## TASK STATEMENT
When a line of the records below contains the string "text", copy that whole line.

*** SUPPLIED ENTRIES ***

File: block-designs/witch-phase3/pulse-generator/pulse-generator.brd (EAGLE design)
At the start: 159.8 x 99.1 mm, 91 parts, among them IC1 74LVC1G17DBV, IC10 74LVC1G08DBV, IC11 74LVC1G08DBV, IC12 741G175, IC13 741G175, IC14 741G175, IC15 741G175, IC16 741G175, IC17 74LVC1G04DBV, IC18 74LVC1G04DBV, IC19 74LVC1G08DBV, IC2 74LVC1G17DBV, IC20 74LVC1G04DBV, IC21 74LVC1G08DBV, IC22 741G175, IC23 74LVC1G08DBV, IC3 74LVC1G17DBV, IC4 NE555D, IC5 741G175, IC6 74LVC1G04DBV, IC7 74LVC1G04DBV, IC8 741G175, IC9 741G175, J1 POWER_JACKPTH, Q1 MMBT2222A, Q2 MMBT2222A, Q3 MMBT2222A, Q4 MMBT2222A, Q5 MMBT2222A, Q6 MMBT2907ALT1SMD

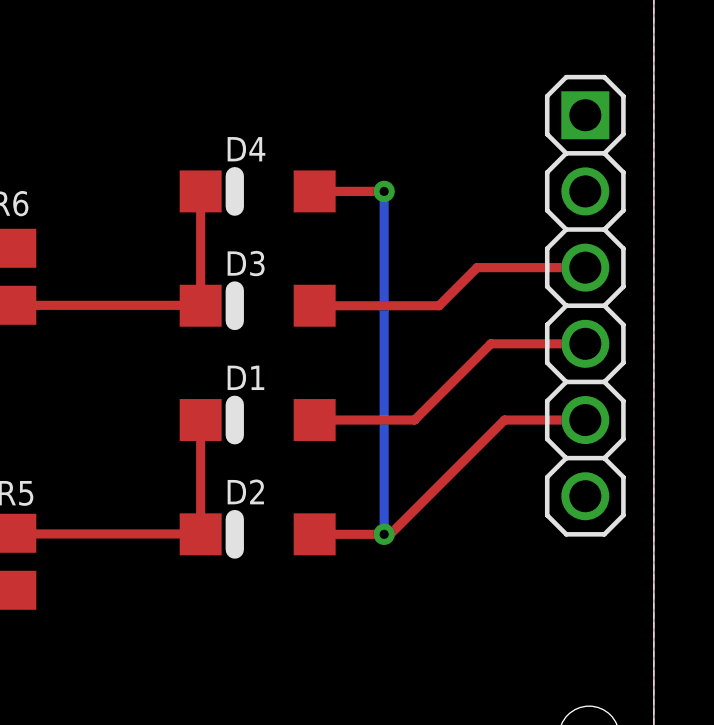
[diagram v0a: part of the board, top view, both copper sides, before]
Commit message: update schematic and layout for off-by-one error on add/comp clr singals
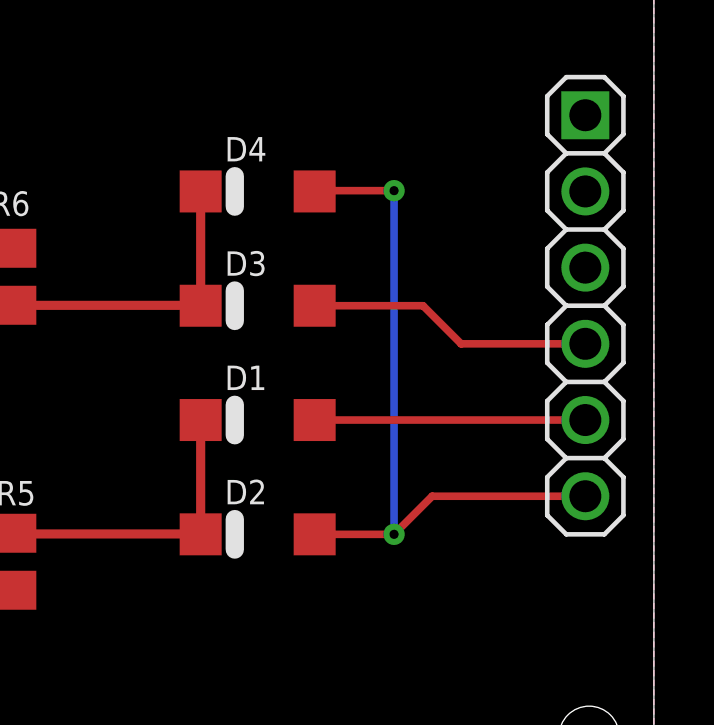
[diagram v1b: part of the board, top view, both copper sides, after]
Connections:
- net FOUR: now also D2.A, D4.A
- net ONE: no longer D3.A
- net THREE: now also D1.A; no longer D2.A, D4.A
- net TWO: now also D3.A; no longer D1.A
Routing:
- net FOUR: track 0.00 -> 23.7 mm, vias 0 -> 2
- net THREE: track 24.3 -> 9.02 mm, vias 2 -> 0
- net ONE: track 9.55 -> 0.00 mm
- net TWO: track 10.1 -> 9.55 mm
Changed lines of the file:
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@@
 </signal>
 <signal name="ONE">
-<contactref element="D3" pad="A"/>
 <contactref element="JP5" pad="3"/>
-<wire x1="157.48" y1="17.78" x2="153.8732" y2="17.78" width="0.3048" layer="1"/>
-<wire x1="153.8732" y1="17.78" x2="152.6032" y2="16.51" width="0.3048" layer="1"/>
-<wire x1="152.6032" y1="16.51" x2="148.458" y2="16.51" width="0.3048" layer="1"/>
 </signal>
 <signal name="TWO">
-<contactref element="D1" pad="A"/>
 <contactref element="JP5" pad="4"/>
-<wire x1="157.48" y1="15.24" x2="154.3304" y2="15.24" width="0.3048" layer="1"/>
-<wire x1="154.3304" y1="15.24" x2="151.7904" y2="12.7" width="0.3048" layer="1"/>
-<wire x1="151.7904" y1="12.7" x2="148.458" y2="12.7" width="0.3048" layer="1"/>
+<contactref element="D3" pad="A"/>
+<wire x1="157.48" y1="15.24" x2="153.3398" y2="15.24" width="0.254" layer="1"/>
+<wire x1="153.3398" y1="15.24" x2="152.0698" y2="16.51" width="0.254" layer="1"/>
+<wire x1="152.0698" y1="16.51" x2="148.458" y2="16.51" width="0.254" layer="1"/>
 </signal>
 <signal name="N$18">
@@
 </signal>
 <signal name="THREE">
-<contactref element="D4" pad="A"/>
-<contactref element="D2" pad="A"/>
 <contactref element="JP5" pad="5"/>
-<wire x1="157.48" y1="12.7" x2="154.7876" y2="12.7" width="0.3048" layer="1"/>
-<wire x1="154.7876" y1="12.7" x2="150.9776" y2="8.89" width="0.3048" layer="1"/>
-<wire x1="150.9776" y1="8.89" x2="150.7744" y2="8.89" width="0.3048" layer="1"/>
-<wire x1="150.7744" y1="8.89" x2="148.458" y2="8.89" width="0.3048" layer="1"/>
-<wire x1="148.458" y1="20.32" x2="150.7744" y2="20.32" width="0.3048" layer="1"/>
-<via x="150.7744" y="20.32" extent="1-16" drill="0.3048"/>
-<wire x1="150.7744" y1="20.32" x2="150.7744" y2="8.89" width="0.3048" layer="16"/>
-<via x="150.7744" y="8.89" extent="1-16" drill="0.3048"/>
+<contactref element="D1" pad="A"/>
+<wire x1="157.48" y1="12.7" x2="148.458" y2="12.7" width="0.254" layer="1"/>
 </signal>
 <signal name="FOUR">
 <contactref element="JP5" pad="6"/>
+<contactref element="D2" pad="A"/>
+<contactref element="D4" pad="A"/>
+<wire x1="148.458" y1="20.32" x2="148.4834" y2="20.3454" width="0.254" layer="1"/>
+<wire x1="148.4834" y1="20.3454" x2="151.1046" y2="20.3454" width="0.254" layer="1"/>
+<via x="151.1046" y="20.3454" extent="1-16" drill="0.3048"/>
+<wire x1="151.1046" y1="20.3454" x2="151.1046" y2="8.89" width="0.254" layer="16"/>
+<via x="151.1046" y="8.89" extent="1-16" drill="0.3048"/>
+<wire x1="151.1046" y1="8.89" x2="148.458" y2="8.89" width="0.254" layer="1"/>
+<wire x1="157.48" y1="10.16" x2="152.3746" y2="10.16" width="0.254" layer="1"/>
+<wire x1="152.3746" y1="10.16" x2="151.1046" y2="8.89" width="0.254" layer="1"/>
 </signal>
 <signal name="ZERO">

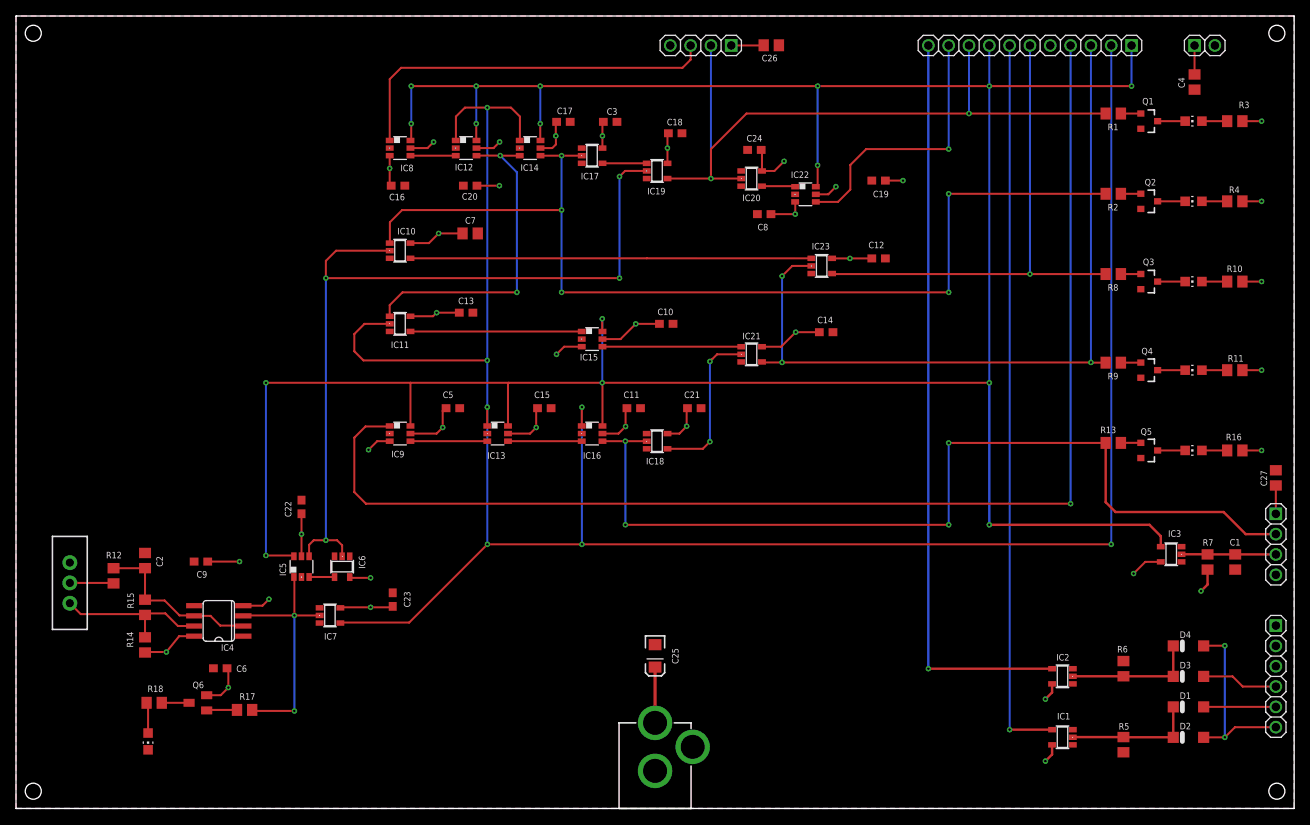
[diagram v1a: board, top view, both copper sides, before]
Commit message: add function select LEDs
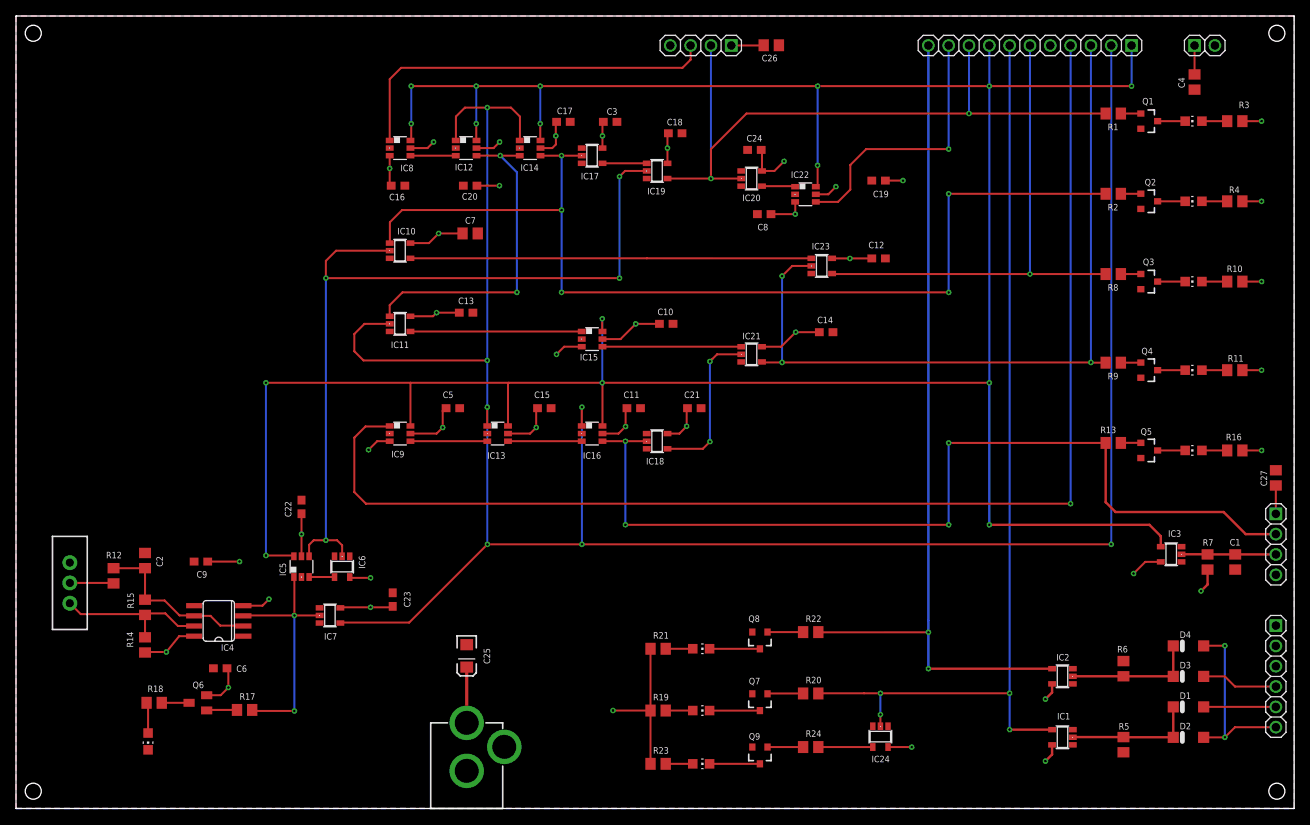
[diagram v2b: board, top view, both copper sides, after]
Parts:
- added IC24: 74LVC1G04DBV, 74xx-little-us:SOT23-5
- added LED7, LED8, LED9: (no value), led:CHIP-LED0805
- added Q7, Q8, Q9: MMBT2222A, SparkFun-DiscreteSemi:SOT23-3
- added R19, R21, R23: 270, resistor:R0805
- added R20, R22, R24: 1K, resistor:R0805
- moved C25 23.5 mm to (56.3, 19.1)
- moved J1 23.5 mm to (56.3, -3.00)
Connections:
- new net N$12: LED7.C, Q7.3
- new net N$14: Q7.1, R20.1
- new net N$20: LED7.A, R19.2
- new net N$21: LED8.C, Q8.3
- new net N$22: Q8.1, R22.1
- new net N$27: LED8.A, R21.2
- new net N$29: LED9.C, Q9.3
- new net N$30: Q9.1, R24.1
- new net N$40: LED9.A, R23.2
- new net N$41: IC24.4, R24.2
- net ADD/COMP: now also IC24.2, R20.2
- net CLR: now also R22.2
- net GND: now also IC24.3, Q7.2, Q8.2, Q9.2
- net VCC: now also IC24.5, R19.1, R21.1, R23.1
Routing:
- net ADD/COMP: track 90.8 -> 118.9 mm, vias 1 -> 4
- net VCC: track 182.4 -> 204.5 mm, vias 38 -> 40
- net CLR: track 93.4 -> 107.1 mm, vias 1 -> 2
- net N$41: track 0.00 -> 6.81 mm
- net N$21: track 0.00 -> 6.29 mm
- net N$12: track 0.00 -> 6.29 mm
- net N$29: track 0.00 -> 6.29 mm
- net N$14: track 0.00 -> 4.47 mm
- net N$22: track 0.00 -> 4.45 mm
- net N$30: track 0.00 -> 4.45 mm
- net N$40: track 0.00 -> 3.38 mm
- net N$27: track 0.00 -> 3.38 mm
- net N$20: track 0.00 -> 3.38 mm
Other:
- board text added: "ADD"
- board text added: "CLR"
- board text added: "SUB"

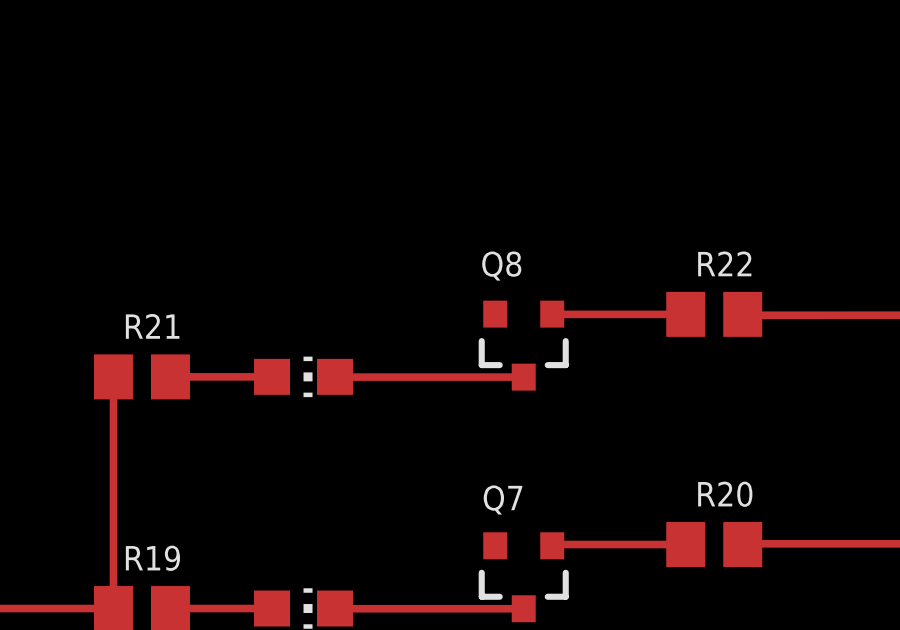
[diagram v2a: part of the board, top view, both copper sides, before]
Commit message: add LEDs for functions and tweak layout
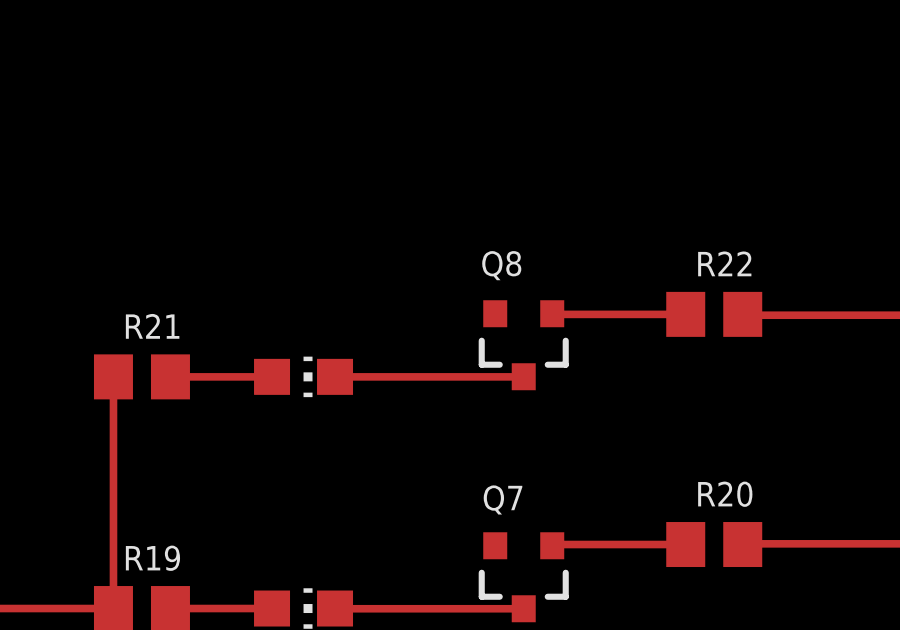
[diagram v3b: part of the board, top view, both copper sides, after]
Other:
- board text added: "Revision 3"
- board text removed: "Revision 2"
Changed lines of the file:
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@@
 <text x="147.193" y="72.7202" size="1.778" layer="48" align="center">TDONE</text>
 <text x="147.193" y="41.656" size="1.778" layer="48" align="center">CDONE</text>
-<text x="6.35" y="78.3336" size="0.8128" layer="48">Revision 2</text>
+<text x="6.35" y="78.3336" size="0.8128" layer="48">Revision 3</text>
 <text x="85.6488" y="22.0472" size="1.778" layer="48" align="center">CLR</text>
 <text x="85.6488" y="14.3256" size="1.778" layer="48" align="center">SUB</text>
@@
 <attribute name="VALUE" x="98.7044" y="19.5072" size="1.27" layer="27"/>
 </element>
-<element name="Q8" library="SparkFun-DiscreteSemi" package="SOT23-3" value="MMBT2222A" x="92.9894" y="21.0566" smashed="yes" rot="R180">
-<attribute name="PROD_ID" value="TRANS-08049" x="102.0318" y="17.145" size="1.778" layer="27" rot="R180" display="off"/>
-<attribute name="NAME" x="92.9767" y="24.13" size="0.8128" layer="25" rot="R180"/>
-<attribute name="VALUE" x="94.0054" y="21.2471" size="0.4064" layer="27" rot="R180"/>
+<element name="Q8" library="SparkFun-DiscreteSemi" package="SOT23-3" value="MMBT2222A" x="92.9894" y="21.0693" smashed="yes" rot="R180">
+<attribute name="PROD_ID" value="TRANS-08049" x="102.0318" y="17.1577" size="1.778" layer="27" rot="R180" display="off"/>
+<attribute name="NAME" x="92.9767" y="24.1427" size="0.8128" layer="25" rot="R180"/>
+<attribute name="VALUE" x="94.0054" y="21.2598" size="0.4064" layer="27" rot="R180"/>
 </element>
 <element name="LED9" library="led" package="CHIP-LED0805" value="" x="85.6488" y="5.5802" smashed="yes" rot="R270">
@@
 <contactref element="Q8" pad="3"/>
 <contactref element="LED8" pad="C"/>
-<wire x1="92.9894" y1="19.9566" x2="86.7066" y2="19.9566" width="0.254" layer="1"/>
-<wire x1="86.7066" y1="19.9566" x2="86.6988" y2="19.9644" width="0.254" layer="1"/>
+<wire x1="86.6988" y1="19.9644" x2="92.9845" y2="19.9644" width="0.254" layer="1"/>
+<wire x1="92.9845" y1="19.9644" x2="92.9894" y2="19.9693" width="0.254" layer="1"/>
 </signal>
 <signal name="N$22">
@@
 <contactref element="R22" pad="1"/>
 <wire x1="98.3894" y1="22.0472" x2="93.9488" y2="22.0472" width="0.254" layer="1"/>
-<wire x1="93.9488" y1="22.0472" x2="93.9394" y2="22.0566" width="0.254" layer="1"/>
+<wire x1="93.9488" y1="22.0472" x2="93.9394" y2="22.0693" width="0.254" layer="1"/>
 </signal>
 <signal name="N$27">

*** End of SUPPLIED ENTRIES ***

## RESPONSE FOR THIS EXERCISE
- board text added: "ADD"
- board text added: "CLR"
- board text added: "SUB"
- board text added: "Revision 3"
- board text removed: "Revision 2"
 <text x="147.193" y="72.7202" size="1.778" layer="48" align="center">TDONE</text>
 <text x="147.193" y="41.656" size="1.778" layer="48" align="center">CDONE</text>
-<text x="6.35" y="78.3336" size="0.8128" layer="48">Revision 2</text>
+<text x="6.35" y="78.3336" size="0.8128" layer="48">Revision 3</text>
 <text x="85.6488" y="22.0472" size="1.778" layer="48" align="center">CLR</text>
 <text x="85.6488" y="14.3256" size="1.778" layer="48" align="center">SUB</text>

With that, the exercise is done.